Czytaj także: Sąd Najwyższy: Joanna Szczepkowska wygrywa z telewizją TVN
Joanna Szczepkowska, aktorka, pisarka oraz felietonistka „Rzeczpospolitej", pozwała TVN za audycje na temat jej artykułu „Homodzieciństwo" na portalu e-teatr. Reagując krytycznie na niesprawiedliwy jej zdaniem felieton Macieja Nowaka, przedstawiającego się jako reprezentant gejowskich środowisk, opowiedziała o swych dobrych kontaktach z osobami homoseksualnymi, w których towarzystwie spędziła dzieciństwo. Jak jednak napisała: „Dyktat środowisk homoseksualnych musi się spotykać z odporem, tak jak pary gejowskie muszą się doczekać praw małżeńskich". Miała, jak wyjaśniała, na myśli, że opiniotwórczość tych środowisk ma prawo spotkać się z kontrą, a używając słowa „dyktat", rozumiała je jako bezkrytyczne narzucanie swych opinii, a nie „dyktaturę". Tego samego dnia wieczorem w programie TVN 24 „Tak jest" Andrzej Morozowski określił jej słowa jako generujące poglądy podobne do tych, że „Żydzi są winni Holokaustu". W emitowanych audycjach Szczepkowska została nazwana „Wałęsą w spódnicy".

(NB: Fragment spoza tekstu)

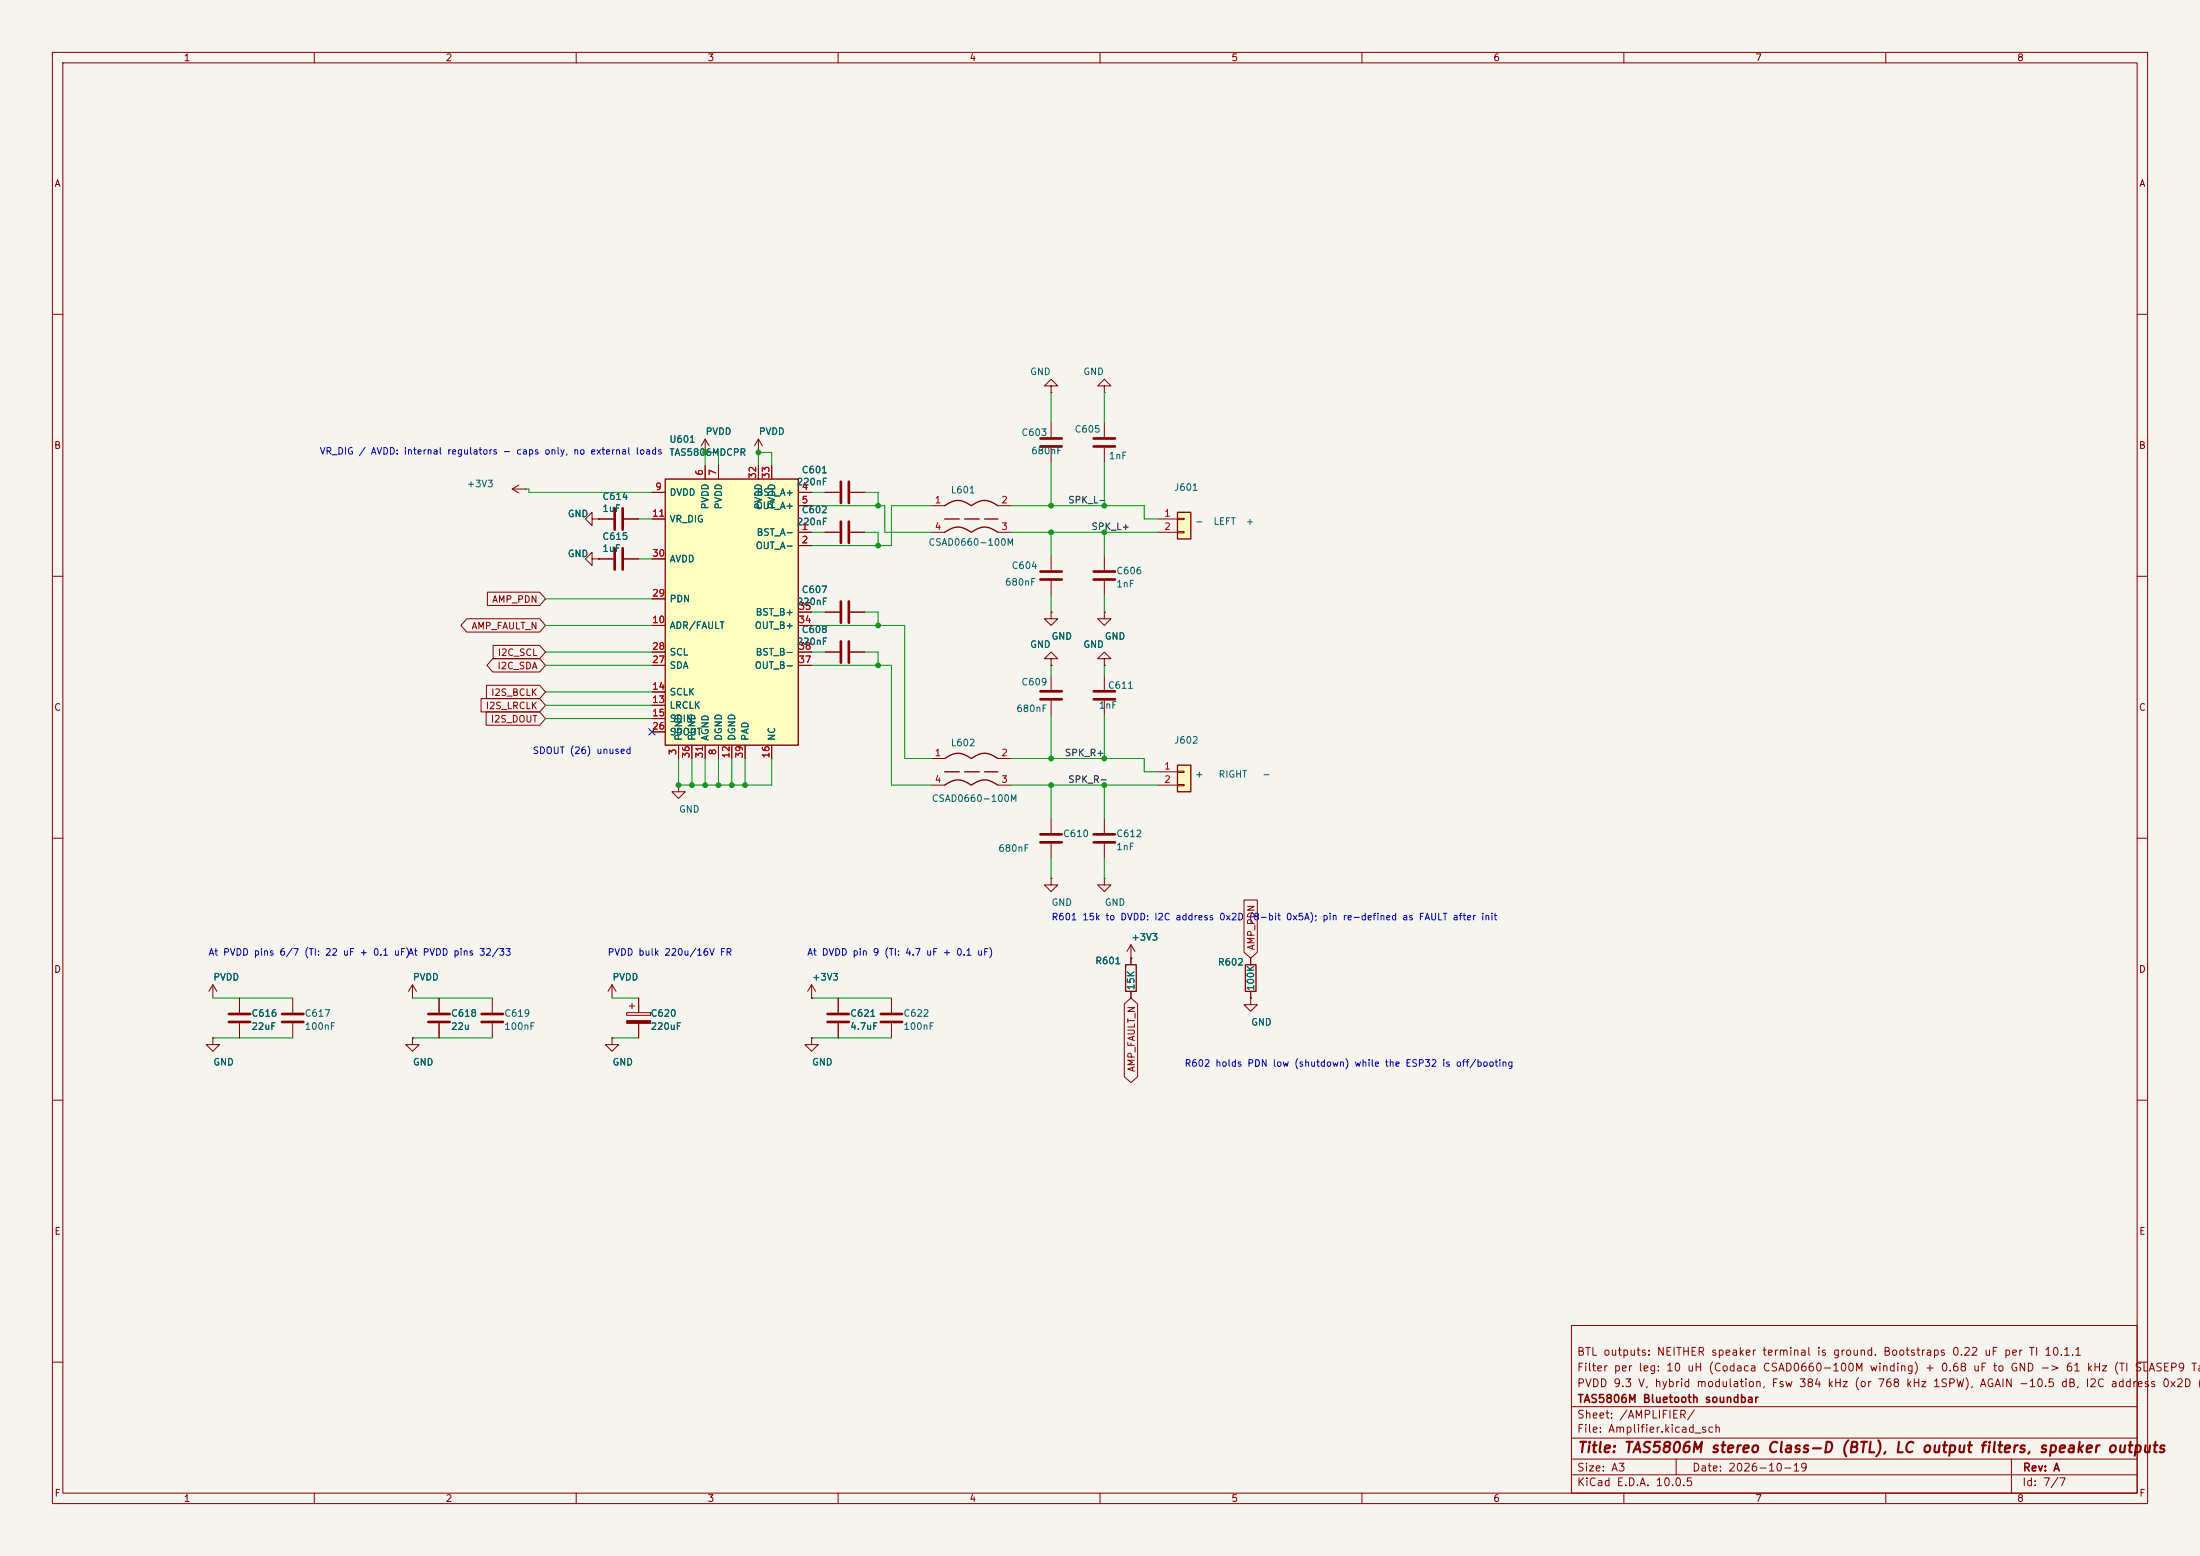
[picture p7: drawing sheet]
<svg xmlns="http://www.w3.org/2000/svg" width="420mm" height="297mm" viewBox="0 0 420 297" stroke-linecap="round" stroke-linejoin="round" font-family="sans-serif">
<path d="M0 0h420v297h-420z" fill="#f5f4ef" stroke="#f5f4ef" stroke-width=".19"/>
<g fill="none" stroke="#840000" stroke-width=".19">
<path d="M10 10h400v277h-400zM12 12h396v273h-396zM60 10v2M110 10v2M160 10v2M210 10v2M260 10v2M310 10v2M360 10v2M10 60h2M408 60h2M200.7 80.6v2.8"/>
<path d="M200.7 85.5v2.8M10 110h2M157.5 116.8h2.8M162.3 116.8h2.8M408 110h2M157.5 124.5h2.8M162.3 124.5h2.8M10 160h2M408 160h2M210.8 167.6v1.3h1.3l-1.3 1.3-1.3-1.3h1.3M210.8 167.6h.1M116.8 198.1v1.3h1.3l-1.3 1.3-1.2-1.3h1.2"/>
<path d="M116.8 198.1h.1M116.8 188l-.7 1.2M116.8 188l.8 1.2M116.8 188v2.5M119.6 193.3h4.6v.5h-4.6zM120.1 192h1.1M120.6 191.5v1M121.9 190.5v2.8M121.9 195.3v2.8M154.9 198.1v1.3h1.3l-1.3 1.3-1.2-1.3h1.2M154.9 198.1h.1M10 210h2"/>
<path d="M408 210h2M300 253h108v32h-108zM10 260h2M300 278.5h108M300 274.5h108M300 268.5h108M320 278.5v3M384 278.5v6.5M408 260h2M60 285v2M110 285v2M160 285v2"/>
<path d="M210 285v2M260 285v2M300 281.5h108M310 285v2M360 285v2"/>
</g>
<path d="M198.6 85.2h4.1M198.6 83.7h4.1M160.5 114.8v4.1M162.1 114.8v4.1M160.5 122.4v4.1M162.1 122.4v4.1" fill="none" stroke="#840000" stroke-width=".51"/>
<path d="M119.6 194.8h4.6v.5h-4.6z" fill="#840000" stroke="#840000" stroke-width=".19"/>
<path d="M127 91.4h25.4v50.8h-25.4z" fill="#ffffc2"/>
<path d="M127 91.4h25.4v50.8h-25.4zM180.3 144.8a3.7 3.7 0 0 1 5.1 0 3.7 3.7 0 0 1 5.1 0M180.3 149.9a3.7 3.7 0 0 1 5.1 0 3.7 3.7 0 0 1 5.1 0M214.9 184.2h2v5h-2zM237.7 184.2h2.1v5h-2.1z" fill="none" stroke="#840000" stroke-width=".25"/>
<g fill="none" stroke="#840000" stroke-width=".19">
<path d="M200.7 73.7h1.2l-1.2-1.3-1.3 1.3h1.3v1.2M200.7 74.9h.1M210.8 73.7h1.3l-1.3-1.3-1.3 1.3h1.3v1.2M210.8 74.9h.1M97.8 93.3l1.3 .8M97.8 93.3h2.5M99.1 92.6l-1.3 .7M100.3 93.3h.1M113 99.1v-1.3l-1.2 1.3 1.2 1.2v-1.2h1.3M114.3 99.1h.1M114.3 99.1h2.8M119.1 99.1h2.8"/>
<path d="M124.5 94h2.5M124.5 99.1h2.5M134.6 83.8v2.6M134.6 88.9v2.5M134.6 83.8l-.7 1.3M134.6 83.8l.8 1.3M137.2 88.9v2.5M144.8 83.8v2.6M144.8 88.9v2.5M144.8 83.8l-.8 1.3M144.8 83.8l.7 1.3M147.3 88.9v2.5"/>
<path d="M152.4 94h2.5M152.4 96.5h2.5M157.5 94h2.8M162.3 94h2.8M210.8 80.6v2.8M210.8 85.5v2.8M113 106.7v-1.3l-1.2 1.3 1.2 1.3v-1.3h1.3M114.3 106.7h.1M114.3 106.7h2.8M119.1 106.7h2.8M124.5 119.4h2.5M124.5 114.3h2.5"/>
<path d="M124.5 106.7h2.5M152.4 101.6h2.5M152.4 104.1h2.5M152.4 119.4h2.5M152.4 116.8h2.5M157.5 101.6h2.8M162.3 101.6h2.8M200.7 116.8v1.3h1.2l-1.2 1.3-1.3-1.3h1.3M200.7 116.8h.1M200.7 106v2.8M200.7 110.9v2.8M124.5 134.6h2.5"/>
<path d="M124.5 132.1h2.5M124.5 137.2h2.5M124.5 139.7h2.5M124.5 127h2.5M124.5 124.5h2.5M152.4 127h2.5M152.4 124.5h2.5M200.7 125.7h1.2l-1.2-1.2-1.3 1.2h1.3v1.3M200.7 127h.1M200.7 128.9v2.8M200.7 133.7v2.8M210.8 125.7h1.3l-1.3-1.2-1.3 1.2h1.3v1.3"/>
<path d="M210.8 127h.1M210.8 128.9v2.8M210.8 133.7v2.8M129.5 149.9v1.2h1.3l-1.3 1.3-1.2-1.3h1.2M129.5 149.9h.1M129.5 142.2v2.6M132.1 142.2v2.6M134.6 142.2v2.6M137.2 142.2v2.6M139.7 142.2v2.6M142.2 142.2v2.6M147.3 142.2v2.6"/>
<path d="M177.8 144.8h2.5M177.8 149.9h2.5M190.5 144.8h2.5M190.5 149.9h2.5M200.7 156.2v2.8M210.8 156.2v2.8M200.7 167.6v1.3h1.2l-1.2 1.3-1.3-1.3h1.3M200.7 167.6h.1M200.7 161v2.8M210.8 161v2.8M40.6 198.1v1.3h1.3l-1.3 1.3-1.2-1.3h1.2M40.6 198.1h.1"/>
<path d="M40.6 188l-.7 1.2M40.6 188l.8 1.2M40.6 188v2.5M45.7 190.5v2.8M45.7 195.3v2.8M55.9 190.5v2.8M55.9 195.3v2.8M78.7 198.1v1.3h1.3l-1.3 1.3-1.2-1.3h1.2M78.7 198.1h.1M78.7 188l-.7 1.2M78.7 188l.8 1.2M78.7 188v2.5"/>
<path d="M83.8 190.5v2.8M83.8 195.3v2.8M94 190.5v2.8M94 195.3v2.8M160 190.5v2.8M160 195.3v2.8M170.2 190.5v2.8M170.2 195.3v2.8M215.9 182.9h.1M215.9 180.3v3.9M215.9 189.2v1.3M215.9 180.3l-.8 1.3"/>
<path d="M215.9 180.3l.8 1.3M238.8 190.5v1.3h1.2l-1.2 1.2-1.3-1.2h1.3M238.8 190.5h.1M238.8 182.9v1.3M238.8 189.2v1.3"/>
</g>
<g fill="none" stroke="#840000" stroke-width=".51">
<path d="M117.3 97v4.1M118.9 97v4.1M160.5 91.9v4.1M160.5 99.6v4M162.1 91.9v4.1M162.1 99.6v4M208.8 85.2h4.1M208.8 83.7h4.1M117.3 104.6v4.1M118.9 104.6v4.1M198.6 109.1h4.1M198.6 110.6h4.1"/>
<path d="M198.6 133.5h4.1M198.6 132h4.1M208.8 133.5h4.1M208.8 132h4.1M198.6 159.3h4.1M208.8 159.3h4.1M198.6 160.8h4.1M208.8 160.8h4.1M43.7 193.5h4.1M43.7 195.1h4.1M53.8 193.5h4.1M53.8 195.1h4.1"/>
<path d="M81.8 193.5h4.1M81.8 195.1h4.1M91.9 193.5h4.1M91.9 195.1h4.1M158 193.5h4.1M158 195.1h4.1M168.1 193.5h4.1M168.1 195.1h4.1"/>
</g>
<path d="M180.3 147.3h10.2" fill="none" stroke="#840000" stroke-width=".25" stroke-dasharray="2.8 1"/>
<path d="M224.8 146.1h2.5v5h-2.5z" fill="#ffffc2"/>
<path d="M224.8 146.1h2.5v5h-2.5z" fill="none" stroke="#840000" stroke-width=".25"/>
<path d="M210.8 116.8v1.3h1.3l-1.3 1.3-1.3-1.3h1.3M210.8 116.8h.1M221 147.3h3.8M221 149.9h3.8M224.8 147.2h1.3v.2h-1.3zM224.8 149.7h1.3v.3h-1.3z" fill="none" stroke="#840000" stroke-width=".19"/>
<path d="M224.8 97.8h2.5v5.1h-2.5z" fill="#ffffc2"/>
<path d="M180.3 96.5a3.7 3.7 0 0 1 5.1 0 3.7 3.7 0 0 1 5.1 0M224.8 97.8h2.5v5.1h-2.5zM180.3 101.6a3.7 3.7 0 0 1 5.1 0 3.7 3.7 0 0 1 5.1 0" fill="none" stroke="#840000" stroke-width=".25"/>
<g fill="none" stroke="#840000" stroke-width=".19">
<path d="M114.3 99.1h.1M114.3 99.1h2.8M119.1 99.1h2.8M124.5 99.1h2.5M124.5 94h2.5M134.6 88.9v2.5M137.2 88.9v2.5M144.8 88.9v2.5M147.3 88.9v2.5M152.4 96.5h2.5M152.4 94h2.5M157.5 94h2.8"/>
<path d="M162.3 94h2.8M177.8 96.5h2.5M190.5 96.5h2.5M221 99.1h3.8M224.8 98.9h1.3v.3h-1.3zM89.1 118.1h13.9l1.1 1.3-1.1 1.3h-13.9l-1.1-1.3zM93 113h10l1.1 1.3-1.1 1.3h-10zM114.3 106.7h.1M114.3 106.7h2.8M119.1 106.7h2.8M124.5 106.7h2.5M124.5 119.4h2.5"/>
<path d="M124.5 114.3h2.5M152.4 101.6h2.5M152.4 104.1h2.5M152.4 119.4h2.5M152.4 116.8h2.5M157.5 101.6h2.8M157.5 116.8h2.8M162.3 101.6h2.8M162.3 116.8h2.8M177.8 101.6h2.5M190.5 101.6h2.5M200.7 116.8h.1"/>
<path d="M210.8 116.8h.1M210.8 106v2.8M210.8 110.9v2.8M221 101.6h3.8M224.8 101.5h1.3v.2h-1.3zM91.8 133.3h11.2l1.1 1.3-1.1 1.3h-11.2zM92.8 135.9h10.2l1.1 1.3-1.1 1.2h-10.2zM92.9 130.8h10.1l1.1 1.3-1.1 1.3h-10.1zM94.1 125.7h8.9l1.1 1.3-1.1 1.3h-8.9l-1.1-1.3zM94.1 123.2h8.9l1.1 1.3-1.1 1.2h-8.9zM124.5 134.6h2.5M124.5 132.1h2.5"/>
<path d="M124.5 137.2h2.5M124.5 139.7h2.5M124.5 127h2.5M124.5 124.5h2.5M152.4 127h2.5M152.4 124.5h2.5M157.5 124.5h2.8M162.3 124.5h2.8M200.7 127h.1M210.8 127h.1M129.5 142.2v2.6M132.1 142.2v2.6"/>
<path d="M134.6 142.2v2.6M137.2 142.2v2.6M139.7 142.2v2.6M142.2 142.2v2.6M147.3 142.2v2.6M237.5 171.8h2.5v10l-1.2 1.1-1.3-1.1zM40.6 198.1h.1M45.7 190.5v2.8M45.7 195.3v2.8M78.7 198.1h.1M83.8 190.5v2.8M83.8 195.3v2.8"/>
<path d="M116.8 198.1h.1M121.9 190.5v2.8M121.9 195.3v2.8M154.9 190.5h.1M154.9 198.1h.1M154.9 188l-.7 1.2M154.9 188l.8 1.2M154.9 188v2.5M160 190.5v2.8M160 195.3v2.8M214.6 191.6l1.3-1.1 1.3 1.1v13.9l-1.3 1.1-1.3-1.1zM215.9 182.9h.1"/>
<path d="M215.9 182.9v1.3M215.9 189.2v1.3M238.8 190.5h.1M238.8 182.9v1.3M238.8 189.2v1.3"/>
</g>
<path d="M180.3 99.1h10.2" fill="none" stroke="#840000" stroke-width=".25" stroke-dasharray="2.8 1"/>
<path d="M208.8 109.1h4.1M208.8 110.6h4.1" fill="none" stroke="#840000" stroke-width=".51"/>
<g fill="none" stroke="#009600" stroke-width=".19">
<path d="M200.7 74.9v5.7M210.8 74.9v5.7M100.3 93.3h.7v.7h23.5M121.9 99.1h2.6M134.6 88.9v-2.5h2.6v2.5M144.8 88.9v-2.5h2.5v2.5M154.9 96.5h14v5.1h8.9M154.9 94h2.6M165.1 94h2.5v2.5M177.8 96.5h-7.6v7.6h-15.3M193 96.5h25.4v2.6h2.6M200.7 88.3v8.2"/>
<path d="M210.8 88.3v8.2M104.1 119.4h20.4M104.1 114.3h20.4M121.9 106.7h2.6M154.9 119.4h17.8v25.4h5.1M154.9 101.6h2.6M154.9 116.8h2.6M165.1 101.6h2.5v2.5M165.1 116.8h2.5v2.6M193 101.6h28M200.7 101.6v4.4M200.7 113.7v3.1"/>
<path d="M210.8 101.6v4.4M210.8 113.7v3.1M104.1 127h20.4M104.1 124.5h20.4M104.1 137.2h20.4M104.1 134.6h20.4M104.1 132.1h20.4M154.9 127h15.3v22.9h7.6M154.9 124.5h2.6M165.1 124.5h2.5v2.5M200.7 127v1.9M200.7 136.5v8.3"/>
<path d="M210.8 127v1.9M210.8 136.5v8.3M129.5 144.8v5.1h17.8v-5.1M132.1 144.8v5.1M134.6 144.8v5.1M137.2 144.8v5.1M139.7 144.8v5.1M142.2 144.8v5.1M193 149.9h28M193 144.8h25.4v2.5h2.6M200.7 149.9v6.3M210.8 149.9v6.3"/>
<path d="M200.7 163.8v3.8M210.8 163.8v3.8M40.6 190.5h15.3M40.6 198.1h15.3M78.7 190.5h15.3M78.7 198.1h15.3M116.8 190.5h5.1M116.8 198.1h5.1M154.9 190.5h15.3M154.9 198.1h15.3"/>
</g>
<path d="M123.9 139.1l1.2 1.2M125.1 139.1l-1.2 1.2" fill="none" stroke="#000084" stroke-width=".19"/>
<g fill="#009600" stroke="#009600" stroke-width=".19">
<circle cx="129.5" cy="149.9" r=".46"/>
<circle cx="137.2" cy="149.9" r=".46"/>
<circle cx="132.1" cy="149.9" r=".46"/>
<circle cx="200.7" cy="149.9" r=".46"/>
<circle cx="200.7" cy="144.8" r=".46"/>
<circle cx="210.8" cy="149.9" r=".46"/>
<circle cx="210.8" cy="144.8" r=".46"/>
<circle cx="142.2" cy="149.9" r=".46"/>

Sprawa sądowa ma ogromne znaczenie dla ustalenia granic wypowiedzi w sferze publicznej. Ma też już swoją historię: Sąd okręgowy w 2015 r. nakazał stacji opublikowanie ubolewania z powodu naruszenia jej dóbr osobistych poprzez przypisywanie wypowiedzi i poglądów homofobicznych i zasądził na rzecz PCK 150 tys. zł (aktorka domagała się 300 tys. zł), ale sąd apelacyjny w czerwcu 2016 r. jej żądanie w ogóle oddalił. Podzielił poglądy pełnomocników TVN, że wyrażający swe poglądy publicznie muszą liczyć się z krytyką, a mediom przysługuje prawo do „dziennikarskiej przesady" w ich relacjonowaniu.
Sąd Najwyższy nakazał apelacji powtórzenie procesu. I właśnie zapadł nowy wyrok.